-- Prompt --
From the first line of the data through the line containing "color=71, linetype='Continuous', lineweight=5)", transcribe each line exactly. Pictures do not belong in the copy.

━━━━━━━━

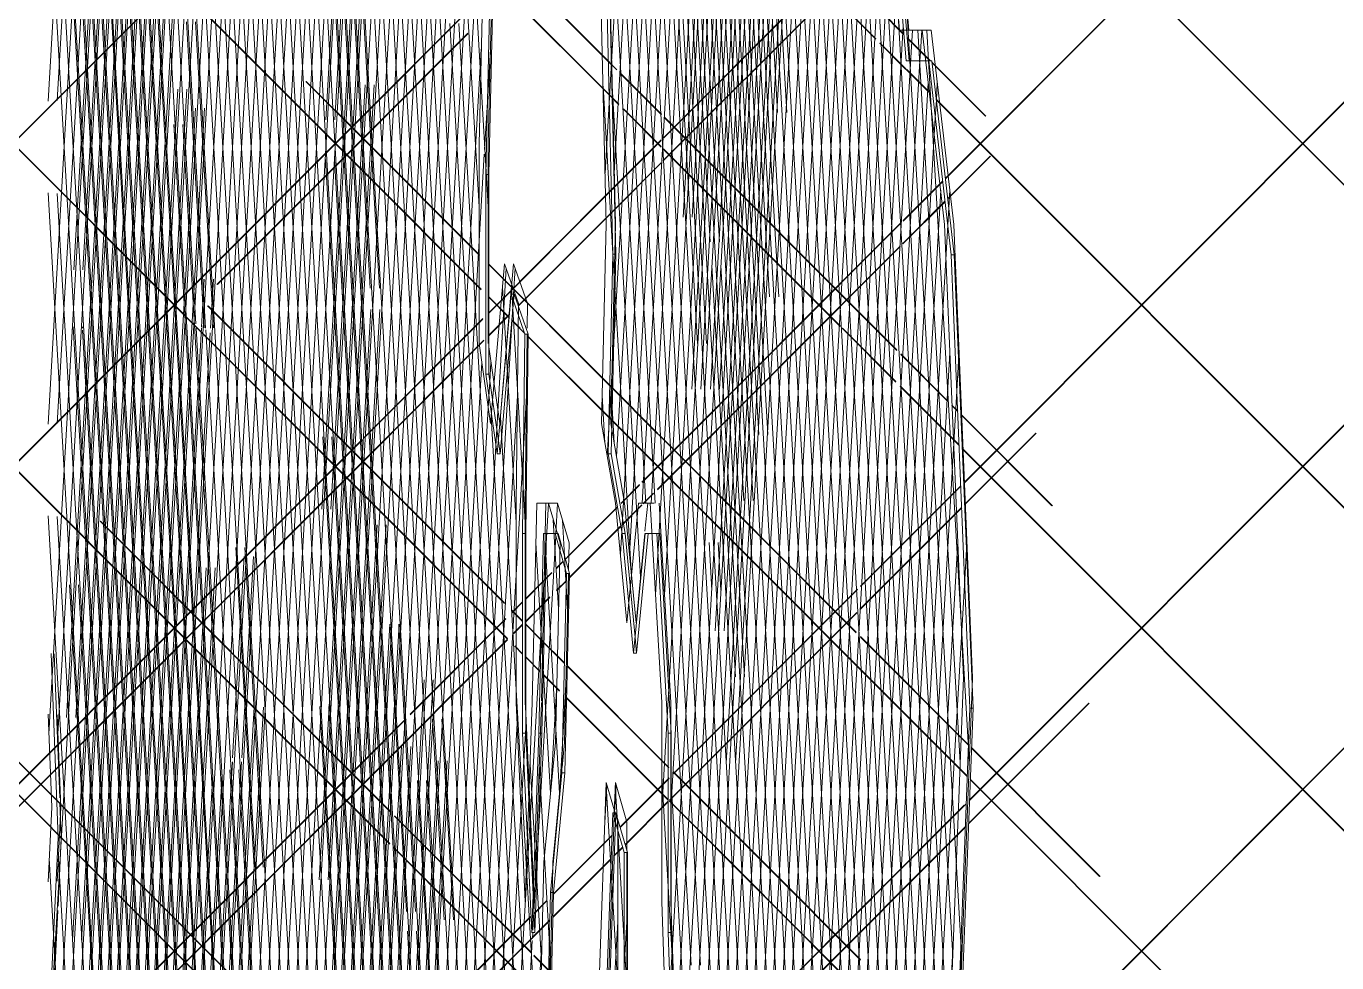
# Model space of a CAD drawing. Header units: millimetres. Extents: x -12186 to 152825, y -4386 to 9463.
# Drawn here: x 121828.7 to 122147, y 3475.8 to 3703.2 of the extents above; entities that cross this region are included whole.
import ezdxf

# ---------------------------------------------------------------- set-up
doc = ezdxf.new("R2010")
doc.units = ezdxf.units.MM
doc.layers.add('G-IMPT', color=8, linetype='Continuous', lineweight=5)
doc.layers.add('L-PLNT', color=71, linetype='Continuous', lineweight=5)

# ---------------------------------------------------------------- blocks, each defined once
blk = doc.blocks.new('SVA_Shades of Green Tree - Australian_Tree_based_on_Leopard_Tree_2901-V502-Section 4')
at = {"layer": 'G-IMPT'}
for p, q in [((-37432.85, 3648.99), (-37480.09, 4464.68)), ((-37430.63, 3648.99), (-37477.87, 4464.68)), ((-37437, 3642.17), (-37484.42, 4461.02)), ((-37441.14, 3635.35), (-37487.23, 4431.24)), ((-37438.93, 3635.35), (-37485.02, 4431.24)), ((-37445.29, 3628.53), (-37490.05, 4401.46)), ((-37446, 3562.42), (-37492.87, 4371.68)), ((-37447.23, 3505.16), (-37495.52, 4339.01)), ((-37445.01, 3505.16), (-37493.3, 4339.01)), ((-37450.04, 3475.19), (-37498.17, 4306.34)), ((-37447.82, 3475.19), (-37495.95, 4306.34)), ((-37445.43, 3650.91), (-37480.06, 4248.94)), ((-37443.21, 3650.91), (-37477.85, 4248.94)), ((-37443.79, 3562.42), (-37480.63, 4198.57)), ((-37470.99, 3667.57), (-37442.16, 4165.54)), ((-37468.78, 3667.57), (-37440.69, 4152.62)), ((-37417.58, 3620.59), (-37447.66, 4140)), ((-37415.36, 3620.59), (-37445.41, 4139.39)), ((-37458.75, 3565.18), (-37426.81, 4116.74)), ((-37456.54, 3565.18), (-37424.6, 4116.74)), ((-37470.44, 3598.77), (-37441.35, 4101.03)), ((-37468.22, 3598.77), (-37439.63, 4092.39)), ((-37416.54, 3681.06), (-37440.29, 4091.18)), ((-37400.34, 3558.13), (-37431.28, 4092.42)), ((-37398.12, 3558.13), (-37429.06, 4092.42)), ((-37467.27, 3575.05), (-37437.47, 4089.53)), ((-37424.55, 3662.62), (-37449.16, 4087.58)), ((-37422.34, 3662.62), (-37446.95, 4087.58)), ((-37414.32, 3681.06), (-37437.65, 4083.79)), ((-37465.05, 3575.05), (-37435.77, 4080.67)), ((-37457.24, 3512.97), (-37424.59, 4076.64)), ((-37455.02, 3512.97), (-37422.38, 4076.64)), ((-37437.25, 3588.03), (-37465.21, 4070.91)), ((-37435.03, 3588.03), (-37462.99, 4070.91)), ((-37428.7, 3655.8), (-37452.38, 4064.74)), ((-37462.01, 3587.42), (-37434.95, 4054.68)), ((-37404.31, 3548.33), (-37433.72, 4056.12)), ((-37426.49, 3655.8), (-37449.57, 4054.46)), ((-37402.1, 3548.33), (-37431.25, 4051.74)), ((-37459.79, 3587.42), (-37433.29, 4045.09)), ((-37456.02, 3455.55), (-37423.08, 4024.36)), ((-37453.81, 3455.55), (-37420.87, 4024.36)), ((-37434.78, 3642.17), (-37456.04, 4009.18)), ((-37537.09, 3253.11), (-37579.64, 3987.75)), ((-37534.88, 3253.11), (-37577.42, 3987.75)), ((-37441.06, 3635.49), (-37421.1, 3980.19)), ((-37438.84, 3635.49), (-37418.88, 3980.19)), ((-37588.95, 3677.94), (-37606.24, 3976.46)), ((-37586.73, 3677.94), (-37604.01, 3976.33)), ((-37532.55, 3253.11), (-37572.81, 3948.26)), ((-37530.34, 3253.11), (-37570.59, 3948.26)), ((-37541.64, 3253.11), (-37581.64, 3943.94)), ((-37539.42, 3253.11), (-37579.43, 3943.94)), ((-37531.33, 3310.43), (-37567.61, 3936.95)), ((-37529.12, 3310.43), (-37565.4, 3936.95)), ((-37436.04, 3643.74), (-37418.99, 3938.15)), ((-37433.82, 3643.74), (-37416.82, 3937.33)), ((-37431.02, 3651.99), (-37414.45, 3938.15)), ((-37428.8, 3651.99), (-37412.23, 3938.15)), ((-37396.36, 3567.93), (-37417.8, 3938.15)), ((-37391.73, 3427.51), (-36882.3, 3937.79)), ((-37391.51, 3427.85), (-36882.43, 3937.79)), ((-37606.24, 3214.48), (-37564.57, 3934)), ((-37604.01, 3214.61), (-37562.35, 3934)), ((-37606.24, 3136.05), (-37560.97, 3917.72)), ((-37604.01, 3136.18), (-37558.75, 3917.72)), ((-37579.05, 3134.91), (-37533.75, 3917.14)), ((-37394.15, 3567.93), (-37414.21, 3914.39)), ((-37530.71, 3691.78), (-37543.29, 3909.13)), ((-37426, 3660.25), (-37412.21, 3898.41)), ((-37606.24, 3057.62), (-37557.92, 3891.99)), ((-37590.88, 3284.53), (-37555.7, 3891.99)), ((-37561.35, 3362.21), (-37530.71, 3891.31)), ((-37461.08, 3587.42), (-37478.26, 3884.06)), ((-37423.78, 3660.25), (-37410.78, 3884.79)), ((-37458.86, 3587.42), (-37475.91, 3881.84)), ((-37423.88, 3618.41), (-37409.12, 3873.23)), ((-37592.1, 3693.92), (-37581.89, 3870.08)), ((-37568, 3629.88), (-37581.86, 3869.28)), ((-37525, 3676.08), (-37513.9, 3867.82)), ((-37421.67, 3618.41), (-37407.38, 3865.01)), ((-37589.88, 3693.92), (-37580.08, 3863.12)), ((-37543.96, 3253.11), (-37579.26, 3862.64)), ((-37576.84, 3134.91), (-37534.67, 3863.04)), ((-37559.13, 3362.21), (-37530.15, 3862.62)), ((-37528.49, 3691.78), (-37538.43, 3863.34)), ((-37522.79, 3676.08), (-37512.22, 3858.58)), ((-37603.55, 2987.29), (-37553.34, 3854.38)), ((-37580.63, 3691.18), (-37590.21, 3856.6)), ((-37578.42, 3691.18), (-37587.92, 3855.24)), ((-37568.55, 3629.88), (-37555.55, 3854.38)), ((-37415.78, 3679.76), (-37406.4, 3841.85)), ((-37530.71, 3613.35), (-37543.72, 3838.17)), ((-37528.5, 3613.53), (-37541.51, 3838.17)), ((-37413.57, 3679.76), (-37404.76, 3831.97)), ((-37601.43, 3689.59), (-37593.31, 3829.89)), ((-37583.49, 3662.14), (-37593.24, 3830.47)), ((-37581.28, 3662.14), (-37590.95, 3829.11)), ((-37514.55, 3648.05), (-37525, 3828.57)), ((-37512.33, 3648.05), (-37522.79, 3828.57)), ((-37588.59, 3676.1), (-37579.98, 3824.68)), ((-37586.37, 3676.1), (-37577.77, 3824.68)), ((-37524.91, 3599.27), (-37511.88, 3824.25)), ((-37598.64, 3688.44), (-37606.24, 3819.6)), ((-37596.42, 3688.44), (-37604.01, 3819.48)), ((-37599.22, 3689.59), (-37591.69, 3819.55)), ((-37550.74, 3702.13), (-37543.83, 3821.6)), ((-37548.53, 3702.13), (-37541.61, 3821.6)), ((-37443.08, 3628.53), (-37454.14, 3819.55)), ((-37556.8, 3362.21), (-37530.71, 3812.88)), ((-37554.59, 3362.21), (-37528.49, 3812.88)), ((-37522.69, 3599.27), (-37510.2, 3815.02)), ((-37549.28, 3698.79), (-37555.55, 3807.14)), ((-37547.06, 3698.79), (-37553.34, 3807.14)), ((-37541.8, 3015.22), (-37587.33, 3801.41)), ((-37539.59, 3015.22), (-37585.12, 3801.41)), ((-37600.33, 3481.24), (-37582.01, 3797.63)), ((-37598.12, 3481.24), (-37579.79, 3797.63)), ((-37518.66, 3628.67), (-37509.41, 3788.54)), ((-37452.05, 3656.84), (-37444.36, 3789.65)), ((-37449.83, 3656.84), (-37442.14, 3789.65)), ((-37411.73, 3671.41), (-37405.26, 3783.03)), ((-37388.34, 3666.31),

━━━━━━━━

-- Final answer --
# Model space of a CAD drawing. Header units: millimetres. Extents: x -12186 to 152825, y -4386 to 9463.
# Drawn here: x 121828.7 to 122147, y 3475.8 to 3703.2 of the extents above; entities that cross this region are included whole.
import ezdxf

# ---------------------------------------------------------------- set-up
doc = ezdxf.new("R2010")
doc.units = ezdxf.units.MM
doc.layers.add('G-IMPT', color=8, linetype='Continuous', lineweight=5)
doc.layers.add('L-PLNT', color=71, linetype='Continuous', lineweight=5)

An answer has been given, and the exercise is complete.